▶ Problem details: Range to reproduce from the entries below: the line with "spline S29 degree", the line with "spline S31 degree", and every line in between. Give them exactly and give nothing else.

Records drawn from a dataset
──────────────────────────────
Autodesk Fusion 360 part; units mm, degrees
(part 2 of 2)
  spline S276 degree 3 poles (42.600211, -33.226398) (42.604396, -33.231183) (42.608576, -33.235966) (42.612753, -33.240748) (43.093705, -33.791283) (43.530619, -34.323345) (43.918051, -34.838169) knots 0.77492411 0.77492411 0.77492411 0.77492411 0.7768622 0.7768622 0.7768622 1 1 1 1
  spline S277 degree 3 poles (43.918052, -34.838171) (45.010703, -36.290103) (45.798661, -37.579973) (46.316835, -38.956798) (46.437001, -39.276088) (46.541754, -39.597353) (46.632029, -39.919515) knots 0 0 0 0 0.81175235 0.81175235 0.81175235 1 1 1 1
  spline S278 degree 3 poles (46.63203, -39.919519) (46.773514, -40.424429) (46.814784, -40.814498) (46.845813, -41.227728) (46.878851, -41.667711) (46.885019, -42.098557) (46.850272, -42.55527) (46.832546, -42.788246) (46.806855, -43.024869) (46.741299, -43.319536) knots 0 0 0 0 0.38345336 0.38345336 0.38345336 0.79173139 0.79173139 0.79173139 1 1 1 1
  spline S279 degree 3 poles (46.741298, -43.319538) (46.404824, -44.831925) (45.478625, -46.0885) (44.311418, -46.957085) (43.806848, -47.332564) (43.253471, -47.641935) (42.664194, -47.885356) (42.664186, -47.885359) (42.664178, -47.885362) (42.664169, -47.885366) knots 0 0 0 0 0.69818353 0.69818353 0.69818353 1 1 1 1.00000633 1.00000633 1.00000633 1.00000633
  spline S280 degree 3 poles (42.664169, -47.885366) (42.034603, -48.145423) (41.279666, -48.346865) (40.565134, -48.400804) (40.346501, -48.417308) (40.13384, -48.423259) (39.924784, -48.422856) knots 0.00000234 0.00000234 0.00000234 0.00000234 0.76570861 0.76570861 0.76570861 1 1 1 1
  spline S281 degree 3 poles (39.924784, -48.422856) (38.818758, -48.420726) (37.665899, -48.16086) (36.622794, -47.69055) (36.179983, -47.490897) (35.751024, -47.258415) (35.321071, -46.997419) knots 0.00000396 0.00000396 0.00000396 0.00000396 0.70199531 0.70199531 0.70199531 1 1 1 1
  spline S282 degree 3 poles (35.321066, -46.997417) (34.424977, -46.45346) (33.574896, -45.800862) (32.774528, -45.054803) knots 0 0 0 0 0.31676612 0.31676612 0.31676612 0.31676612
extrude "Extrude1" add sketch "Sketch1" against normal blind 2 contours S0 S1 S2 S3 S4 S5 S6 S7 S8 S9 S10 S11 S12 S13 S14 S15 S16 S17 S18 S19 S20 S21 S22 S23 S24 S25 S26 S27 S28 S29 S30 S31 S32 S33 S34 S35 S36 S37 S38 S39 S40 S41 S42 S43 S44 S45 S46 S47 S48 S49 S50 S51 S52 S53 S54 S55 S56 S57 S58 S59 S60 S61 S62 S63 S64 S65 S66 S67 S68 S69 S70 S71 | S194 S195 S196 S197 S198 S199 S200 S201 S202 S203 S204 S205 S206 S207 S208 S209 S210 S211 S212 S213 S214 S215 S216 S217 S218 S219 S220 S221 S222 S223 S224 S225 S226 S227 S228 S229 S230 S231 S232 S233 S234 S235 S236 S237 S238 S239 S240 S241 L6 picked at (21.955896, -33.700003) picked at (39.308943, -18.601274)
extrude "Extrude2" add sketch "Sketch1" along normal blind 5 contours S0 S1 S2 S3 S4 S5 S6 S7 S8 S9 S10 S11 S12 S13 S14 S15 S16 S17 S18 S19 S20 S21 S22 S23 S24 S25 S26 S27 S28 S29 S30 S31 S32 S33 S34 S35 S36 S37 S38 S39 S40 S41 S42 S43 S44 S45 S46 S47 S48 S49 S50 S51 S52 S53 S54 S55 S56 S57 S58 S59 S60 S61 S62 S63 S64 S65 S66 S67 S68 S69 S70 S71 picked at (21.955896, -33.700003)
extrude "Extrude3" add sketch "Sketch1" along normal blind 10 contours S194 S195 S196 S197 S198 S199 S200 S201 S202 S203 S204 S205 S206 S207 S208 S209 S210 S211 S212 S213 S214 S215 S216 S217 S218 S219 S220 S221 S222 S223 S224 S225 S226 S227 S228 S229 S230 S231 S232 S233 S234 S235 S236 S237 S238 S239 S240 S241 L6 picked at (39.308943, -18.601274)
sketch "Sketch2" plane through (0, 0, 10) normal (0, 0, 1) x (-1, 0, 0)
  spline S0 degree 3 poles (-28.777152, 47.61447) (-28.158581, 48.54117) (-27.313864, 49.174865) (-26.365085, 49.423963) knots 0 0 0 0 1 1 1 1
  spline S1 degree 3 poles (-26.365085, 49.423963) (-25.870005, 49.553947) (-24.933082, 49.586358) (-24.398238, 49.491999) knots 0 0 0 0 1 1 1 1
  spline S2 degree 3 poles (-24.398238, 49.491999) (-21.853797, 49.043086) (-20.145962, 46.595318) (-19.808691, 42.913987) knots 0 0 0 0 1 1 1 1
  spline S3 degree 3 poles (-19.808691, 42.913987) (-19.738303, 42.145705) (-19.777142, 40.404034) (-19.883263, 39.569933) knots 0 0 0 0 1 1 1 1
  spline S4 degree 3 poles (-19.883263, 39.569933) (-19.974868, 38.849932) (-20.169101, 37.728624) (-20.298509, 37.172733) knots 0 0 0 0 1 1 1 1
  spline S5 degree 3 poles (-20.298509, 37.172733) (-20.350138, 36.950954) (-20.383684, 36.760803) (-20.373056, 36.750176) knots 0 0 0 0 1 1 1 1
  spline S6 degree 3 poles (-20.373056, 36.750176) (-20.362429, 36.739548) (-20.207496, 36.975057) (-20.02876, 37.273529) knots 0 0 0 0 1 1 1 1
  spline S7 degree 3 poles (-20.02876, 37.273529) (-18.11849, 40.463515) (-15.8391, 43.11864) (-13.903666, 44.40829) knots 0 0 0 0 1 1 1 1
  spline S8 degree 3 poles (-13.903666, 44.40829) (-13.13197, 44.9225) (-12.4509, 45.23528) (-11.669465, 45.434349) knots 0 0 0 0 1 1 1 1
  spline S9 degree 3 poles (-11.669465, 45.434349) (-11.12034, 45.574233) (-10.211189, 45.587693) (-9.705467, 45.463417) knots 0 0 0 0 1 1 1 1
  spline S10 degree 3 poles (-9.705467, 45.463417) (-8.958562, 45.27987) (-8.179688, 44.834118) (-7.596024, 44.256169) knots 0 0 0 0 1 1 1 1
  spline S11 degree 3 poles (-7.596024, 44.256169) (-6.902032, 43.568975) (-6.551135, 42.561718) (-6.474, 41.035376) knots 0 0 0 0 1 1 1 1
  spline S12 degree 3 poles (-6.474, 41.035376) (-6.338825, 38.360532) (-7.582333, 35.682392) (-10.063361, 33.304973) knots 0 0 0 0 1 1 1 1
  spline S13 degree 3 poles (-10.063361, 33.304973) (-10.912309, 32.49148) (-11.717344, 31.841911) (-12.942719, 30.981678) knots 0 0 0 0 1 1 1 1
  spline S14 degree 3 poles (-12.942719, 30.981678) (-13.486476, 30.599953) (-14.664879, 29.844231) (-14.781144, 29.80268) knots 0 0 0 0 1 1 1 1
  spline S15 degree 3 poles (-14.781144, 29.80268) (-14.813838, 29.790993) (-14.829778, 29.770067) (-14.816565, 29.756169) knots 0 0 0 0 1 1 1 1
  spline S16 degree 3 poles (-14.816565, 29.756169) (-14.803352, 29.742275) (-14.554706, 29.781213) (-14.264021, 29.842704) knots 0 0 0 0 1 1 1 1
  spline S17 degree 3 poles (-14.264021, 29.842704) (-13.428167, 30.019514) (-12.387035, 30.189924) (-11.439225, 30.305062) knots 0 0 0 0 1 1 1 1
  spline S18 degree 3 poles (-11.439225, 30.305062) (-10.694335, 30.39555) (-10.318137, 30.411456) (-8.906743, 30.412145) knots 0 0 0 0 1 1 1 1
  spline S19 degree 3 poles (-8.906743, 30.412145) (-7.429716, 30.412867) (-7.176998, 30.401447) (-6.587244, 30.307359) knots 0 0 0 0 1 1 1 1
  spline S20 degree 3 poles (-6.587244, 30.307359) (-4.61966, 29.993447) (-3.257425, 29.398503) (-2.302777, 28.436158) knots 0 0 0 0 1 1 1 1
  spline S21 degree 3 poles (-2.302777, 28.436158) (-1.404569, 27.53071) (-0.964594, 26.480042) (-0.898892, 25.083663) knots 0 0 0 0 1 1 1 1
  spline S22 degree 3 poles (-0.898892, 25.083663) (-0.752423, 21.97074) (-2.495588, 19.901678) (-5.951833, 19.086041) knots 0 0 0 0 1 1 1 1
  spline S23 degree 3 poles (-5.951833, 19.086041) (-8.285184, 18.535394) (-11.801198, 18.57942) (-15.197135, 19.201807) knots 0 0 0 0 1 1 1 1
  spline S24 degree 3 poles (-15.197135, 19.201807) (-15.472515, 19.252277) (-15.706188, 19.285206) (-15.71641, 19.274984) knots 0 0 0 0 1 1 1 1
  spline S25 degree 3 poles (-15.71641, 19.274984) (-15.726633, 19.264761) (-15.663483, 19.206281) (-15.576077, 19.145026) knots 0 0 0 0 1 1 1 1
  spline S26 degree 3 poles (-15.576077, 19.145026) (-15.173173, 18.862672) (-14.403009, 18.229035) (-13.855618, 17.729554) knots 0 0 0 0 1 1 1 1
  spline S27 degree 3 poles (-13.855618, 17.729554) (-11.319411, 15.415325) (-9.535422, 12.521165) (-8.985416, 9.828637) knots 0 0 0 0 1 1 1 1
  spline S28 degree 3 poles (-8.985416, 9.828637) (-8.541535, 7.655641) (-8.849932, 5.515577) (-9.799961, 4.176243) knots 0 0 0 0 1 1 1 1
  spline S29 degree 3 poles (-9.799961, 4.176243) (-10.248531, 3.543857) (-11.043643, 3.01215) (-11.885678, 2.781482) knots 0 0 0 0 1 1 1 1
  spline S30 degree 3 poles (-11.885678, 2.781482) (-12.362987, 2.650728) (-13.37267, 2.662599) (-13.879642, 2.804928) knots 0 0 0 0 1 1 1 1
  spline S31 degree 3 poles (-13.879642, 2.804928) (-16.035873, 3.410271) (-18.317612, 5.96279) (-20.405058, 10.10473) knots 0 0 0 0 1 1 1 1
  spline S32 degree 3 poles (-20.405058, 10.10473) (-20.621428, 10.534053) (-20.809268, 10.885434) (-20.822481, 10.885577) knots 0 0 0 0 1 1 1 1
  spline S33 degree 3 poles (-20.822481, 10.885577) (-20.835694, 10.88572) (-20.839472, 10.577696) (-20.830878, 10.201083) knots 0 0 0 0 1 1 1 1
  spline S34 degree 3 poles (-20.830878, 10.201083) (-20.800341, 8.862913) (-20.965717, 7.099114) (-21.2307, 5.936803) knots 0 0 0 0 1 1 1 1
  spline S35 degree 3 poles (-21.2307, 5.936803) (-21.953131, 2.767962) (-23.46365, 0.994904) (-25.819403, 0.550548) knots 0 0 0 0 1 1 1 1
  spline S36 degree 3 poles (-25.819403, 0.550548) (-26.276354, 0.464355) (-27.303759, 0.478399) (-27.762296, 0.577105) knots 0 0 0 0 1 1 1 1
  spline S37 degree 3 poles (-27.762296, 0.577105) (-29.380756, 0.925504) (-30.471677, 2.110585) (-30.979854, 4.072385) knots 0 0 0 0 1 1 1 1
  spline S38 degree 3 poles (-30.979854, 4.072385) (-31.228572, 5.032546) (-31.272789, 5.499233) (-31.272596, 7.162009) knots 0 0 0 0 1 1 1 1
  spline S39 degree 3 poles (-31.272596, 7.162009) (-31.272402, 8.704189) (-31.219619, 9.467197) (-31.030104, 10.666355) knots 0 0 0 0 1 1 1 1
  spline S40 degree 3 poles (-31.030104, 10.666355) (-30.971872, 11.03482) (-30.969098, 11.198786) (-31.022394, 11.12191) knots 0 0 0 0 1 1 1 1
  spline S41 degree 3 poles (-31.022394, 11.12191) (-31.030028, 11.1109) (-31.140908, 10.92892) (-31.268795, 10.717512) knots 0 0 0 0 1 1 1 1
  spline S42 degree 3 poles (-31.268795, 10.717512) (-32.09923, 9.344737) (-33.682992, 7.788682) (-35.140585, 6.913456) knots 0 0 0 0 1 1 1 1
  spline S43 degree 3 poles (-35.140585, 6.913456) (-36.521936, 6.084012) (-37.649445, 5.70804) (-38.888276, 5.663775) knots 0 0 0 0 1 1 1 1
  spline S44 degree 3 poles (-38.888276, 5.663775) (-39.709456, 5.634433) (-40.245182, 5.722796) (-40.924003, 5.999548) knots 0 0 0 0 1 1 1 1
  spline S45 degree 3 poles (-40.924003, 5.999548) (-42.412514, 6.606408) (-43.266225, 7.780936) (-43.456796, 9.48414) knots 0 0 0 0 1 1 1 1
──────────────────────────────
▶ Response to the exercise:
  spline S29 degree 3 poles (-9.799961, 4.176243) (-10.248531, 3.543857) (-11.043643, 3.01215) (-11.885678, 2.781482) knots 0 0 0 0 1 1 1 1
  spline S30 degree 3 poles (-11.885678, 2.781482) (-12.362987, 2.650728) (-13.37267, 2.662599) (-13.879642, 2.804928) knots 0 0 0 0 1 1 1 1
  spline S31 degree 3 poles (-13.879642, 2.804928) (-16.035873, 3.410271) (-18.317612, 5.96279) (-20.405058, 10.10473) knots 0 0 0 0 1 1 1 1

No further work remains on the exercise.